Secondly, in subsequent rounds, players tend to select only words that remain plausible based on their previous selections. Each player operates with a set of words still in play, and the initial diversity of selections means these sets differ significantly in both size and makeup. Given that every set must include the actual solution, the solution inevitably emerges as the most frequently selected word. Even in cases where players randomly select from remaining feasible options, the most likely choice at the second stage is still likely to be the correct solution.
By the third stage, the most popular choice is almost guaranteed to be the right answer, a result corroborated by the available data. Since November 1, the crowd has successfully solved the puzzle in two steps roughly 60 percent of the time and has never needed more than three steps.

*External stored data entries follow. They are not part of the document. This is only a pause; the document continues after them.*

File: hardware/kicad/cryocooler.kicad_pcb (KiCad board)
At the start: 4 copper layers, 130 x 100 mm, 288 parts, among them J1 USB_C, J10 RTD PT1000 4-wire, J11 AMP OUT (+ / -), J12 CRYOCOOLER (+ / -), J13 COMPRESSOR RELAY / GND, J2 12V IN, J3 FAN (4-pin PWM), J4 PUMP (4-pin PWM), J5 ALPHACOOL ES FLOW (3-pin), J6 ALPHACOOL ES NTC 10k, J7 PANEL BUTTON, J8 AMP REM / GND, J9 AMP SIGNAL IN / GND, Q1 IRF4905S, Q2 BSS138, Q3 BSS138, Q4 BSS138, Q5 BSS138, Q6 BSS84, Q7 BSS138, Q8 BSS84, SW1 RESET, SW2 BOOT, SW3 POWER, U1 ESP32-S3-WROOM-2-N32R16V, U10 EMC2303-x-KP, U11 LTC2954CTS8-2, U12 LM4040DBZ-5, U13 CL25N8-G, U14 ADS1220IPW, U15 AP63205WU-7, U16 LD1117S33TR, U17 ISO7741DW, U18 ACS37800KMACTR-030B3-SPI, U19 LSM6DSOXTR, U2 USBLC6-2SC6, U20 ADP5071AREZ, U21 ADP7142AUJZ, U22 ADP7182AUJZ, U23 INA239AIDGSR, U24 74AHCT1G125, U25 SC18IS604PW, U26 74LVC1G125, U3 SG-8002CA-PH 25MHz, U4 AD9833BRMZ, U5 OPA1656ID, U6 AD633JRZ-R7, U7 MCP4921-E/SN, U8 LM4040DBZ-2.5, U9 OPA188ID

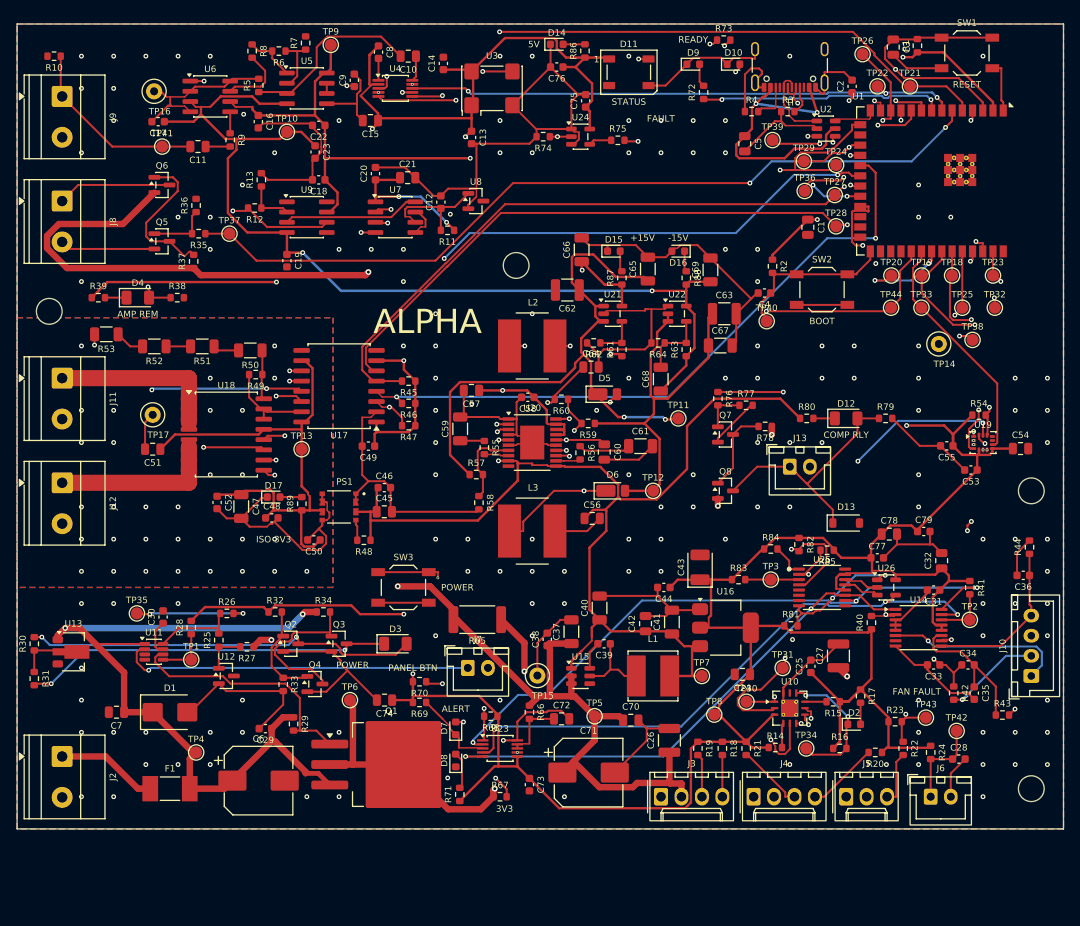
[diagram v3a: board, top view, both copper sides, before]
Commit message: Move the IMU off-board (J14) and add labelled module boxes to the PCB
The LSM6DSOX is now the Adafruit breakout (product 4438) mounted on the
cryocooler and cabled to a 10-pin JST XH header (J14) over the shared SPI
bus. U19 and its capacitors are gone; J14 and six 100 R series resistors
are added, and every other reference number is unchanged.

PCB (130 x 110 mm, was 130 x 100):
- one outlined, labelled silkscreen box per module (pcbfloorplan.py); the
  placer keeps parts inside their box and reserves a label pocket beside
  every part so each label sits next to its own part
- box 3D models for U3, L2, L3, F1 and PS1, whose library models are missing
- re-routed; DRC 0 errors, 0 unconnected; back logo recentred
- gen_pcb.py texts redoes the silkscreen on a routed board

Firmware: SPI clock constant for the module, comments updated; ambient
temperature now reads the cooler-body IMU temperature.

Docs, BOM and fabrication files regenerated.

Co-Authored-By: Claude Sonnet 5.5 <noreply@anthropic.com>
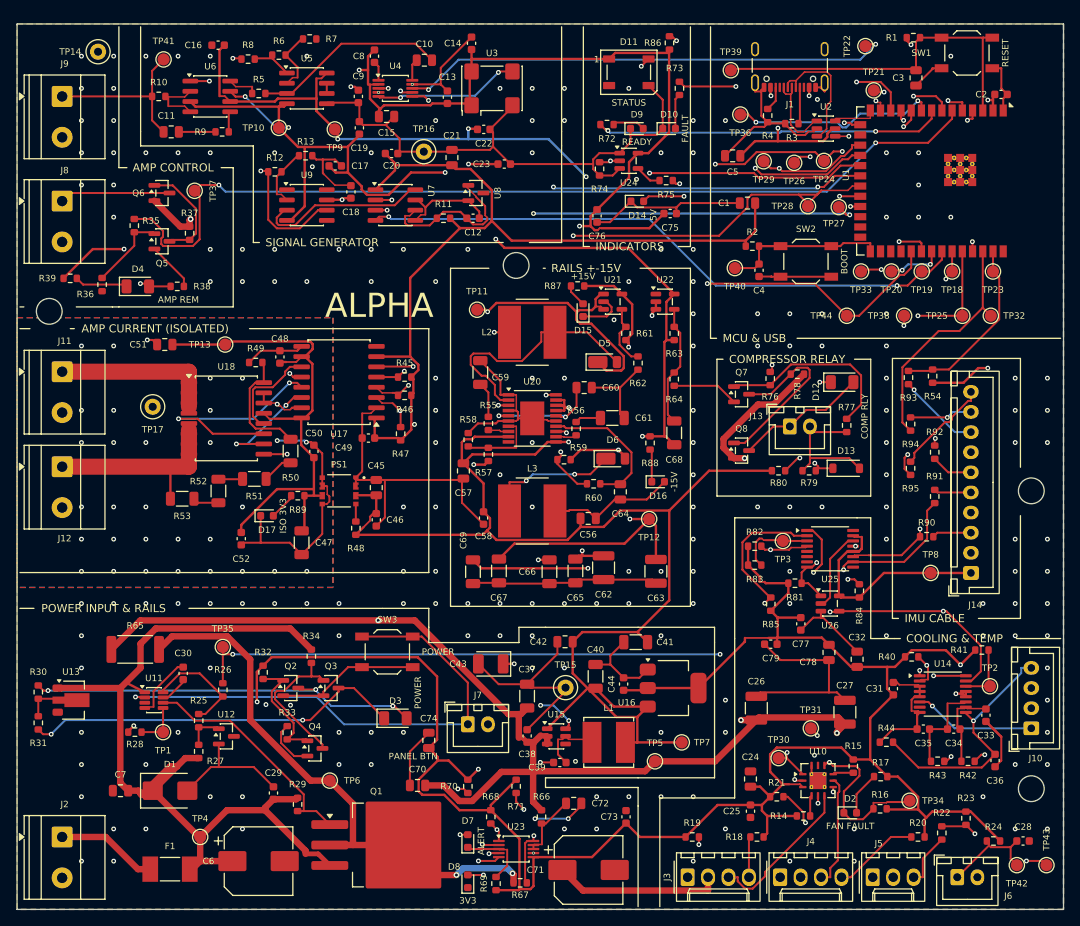
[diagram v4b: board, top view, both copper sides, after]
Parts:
- removed C53, C55: 100nF, C_0603_1608Metric
- removed C54: 10uF, C_0805_2012Metric
- removed U19: LSM6DSOXTR, LGA-14_3x2.5mm_P0.5mm_LayoutBorder3x4y
- added J14: IMU LSM6DSOX module, JST_XH_B10B-XH-A_1x10_P2.50mm_Vertical, F.Cu at (118.5, 68.2)
- added R90: 100, R_0603_1608Metric, F.Cu at (113.0, 63.7)
- added R91: 100, R_0603_1608Metric, F.Cu at (114.0, 58.7)
- added R92: 100, R_0603_1608Metric, F.Cu at (114.0, 53.2)
- added R93: 100, R_0603_1608Metric, F.Cu at (110.7, 43.9)
- added R94: 100, R_0603_1608Metric, F.Cu at (111.0, 49.7)
- added R95: 100, R_0603_1608Metric, F.Cu at (111.0, 55.2)
- moved TP14 110.6 mm to (10.1, 3.45)
- moved C69 47.7 mm to (56.6, 68.0), turned to -90 degrees
- moved R65 42.7 mm to (14.7, 77.7)
- moved C66 40.2 mm to (66.1, 68.0), turned to -90 degrees
- moved C67 39.2 mm to (59.9, 68.0), turned to -90 degrees
- moved C65 38.6 mm to (69.4, 68.0), turned to -90 degrees
- moved C62 34.8 mm to (72.9, 67.5), turned to -90 degrees
- moved TP16 34.3 mm to (50.5, 15.9)
- moved C63 33.1 mm to (79.4, 68.0), turned to -90 degrees
- moved TP8 32.1 mm to (113.5, 68.2)
- moved R44 30.0 mm to (108.0, 89.2), turned to 180 degrees
- moved D16 28.8 mm to (79.6, 56.9), turned to 0 degrees
- moved C43 28.6 mm to (58.9, 79.5), turned to 180 degrees
- moved TP11 28.4 mm to (57.1, 35.5)
- moved C70 27.7 mm to (49.8, 94.6), turned to 180 degrees
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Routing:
- net +3V3: track 491.7 -> 572.0 mm, vias 9 -> 10
- net +12V: track 274.4 -> 326.7 mm
- net +15V: track 96.3 -> 144.8 mm, vias 3 -> 6
- net FLOW_TACH: track 83.5 -> 118.4 mm, vias 2 -> 3
- net +5V: track 309.3 -> 341.4 mm
- net -15V: track 126.5 -> 157.8 mm, vias 2 -> 5
- net SPI_MOSI: track 228.0 -> 257.1 mm, vias 7 -> 6
- net SPI_SCK: track 224.8 -> 249.0 mm, vias 7 -> 6
- net Net-(D14-A): track 2.71 -> 26.2 mm, vias 0 -> 2
- net Net-(Q7-G): track 5.35 -> 23.6 mm
- net SCL: track 31.2 -> 48.4 mm, vias 2 -> 3
- net -16V5: track 48.9 -> 65.9 mm, vias 0 -> 3
- net SDA: track 25.0 -> 41.3 mm, vias 2 -> 3
- net INA239_CS: track 105.1 -> 119.6 mm, vias 2 -> 4
- net AMP_REM_EN: track 102.6 -> 116.9 mm
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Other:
- board size 130 x 100 mm -> 130 x 110 mm
- board text added: "AMP CONTROL"
- board text added: "AMP CURRENT (ISOLATED)"
- board text added: "COMPRESSOR RELAY"
- board text added: "COOLING & TEMP"
- board text added: "IMU CABLE"
- board text added: "INDICATORS"
- board text added: "MCU & USB"
- board text added: "POWER INPUT & RAILS"
- board text added: "RAILS +-15V"
- board text added: "SIGNAL GENERATOR"

This brings about an intriguing hypothesis: a large pool of randomly selected participants may find the solution faster than a similarly sized group of highly skilled players. The latter group would lack significant strategic diversity, echoing the bot’s behavior. This hypothesis is worth testing, and if validated, would offer strong evidence supporting Scott Page’s assertion that under certain conditions, cognitive diversity can outweigh skill level. This has profound implications for how we define merit—as a characteristic of teams rather than individuals.
The crowd’s triumph in Wordle mirrors the dynamic witnessed during audience polls in the quiz show Who Wants to Be a Millionaire? Contestants can opt to survey the audience, where each member independently shares their best guess for the question posed. The most popular answer enjoys a remarkably high success rate, often reaching 95 percent for questions of low to moderate difficulty.
In a recent discussion with Joe Weisenthal and Tracy Alloway, Cliff Asness outlined why audience polling is so reliable:
From my observations, it seems effective virtually every time, even with difficult questions. Imagine a hundred individuals in a room, with ten knowing the answer. The rest may distribute their guesses across the four possible answers. If the ten choose B, you would look to select B based on its higher frequency. This strategy tends to work.
But a crucial assumption is at play. The audience must operate independently of one another. If they were allowed to discuss, the knowledgeable individuals could influence the guesses of others. This opens the door to distortions and reduces the accuracy of the collective guess. The Wordle audience thrives precisely because it consists of millions of players worldwide, most of whom engage independently.
While Cliff Asness studied under Eugene Fama at the University of Chicago, his views have evolved significantly. He believes that markets have become less efficient over recent decades. He noted a shift from adherence to Fama’s theories toward a greater reliance on behavioral insights. Asness, along with many others, expresses concern that we might currently be navigating an AI bubble.
The sustainability of asset market bubbles hinges on the challenges of timing a potential crash. Even when many perceive an asset as overvalued, those betting against it might exit too early, incurring losses before the downturn begins. This was seen by many investors during the tech bubble of 1999 and early 2000. Such challenges indicate a problem of coordination—speculating on price declines proves exceptionally risky when done in isolation. While coordinated action eventually occurs, those acting prematurely may suffer significant losses.
We may or may not find ourselves within an asset price bubble, but dismissing cautions from Cassandra-like figures based solely on logic would be incredibly shortsighted. Crowds display remarkable wisdom in low-stakes scenarios—such as quiz shows and casual games—yet succumb to extraordinary folly when the stakes soar. While this might appear paradoxical initially, it becomes clear when we consider the associated incentives with the right seriousness and care.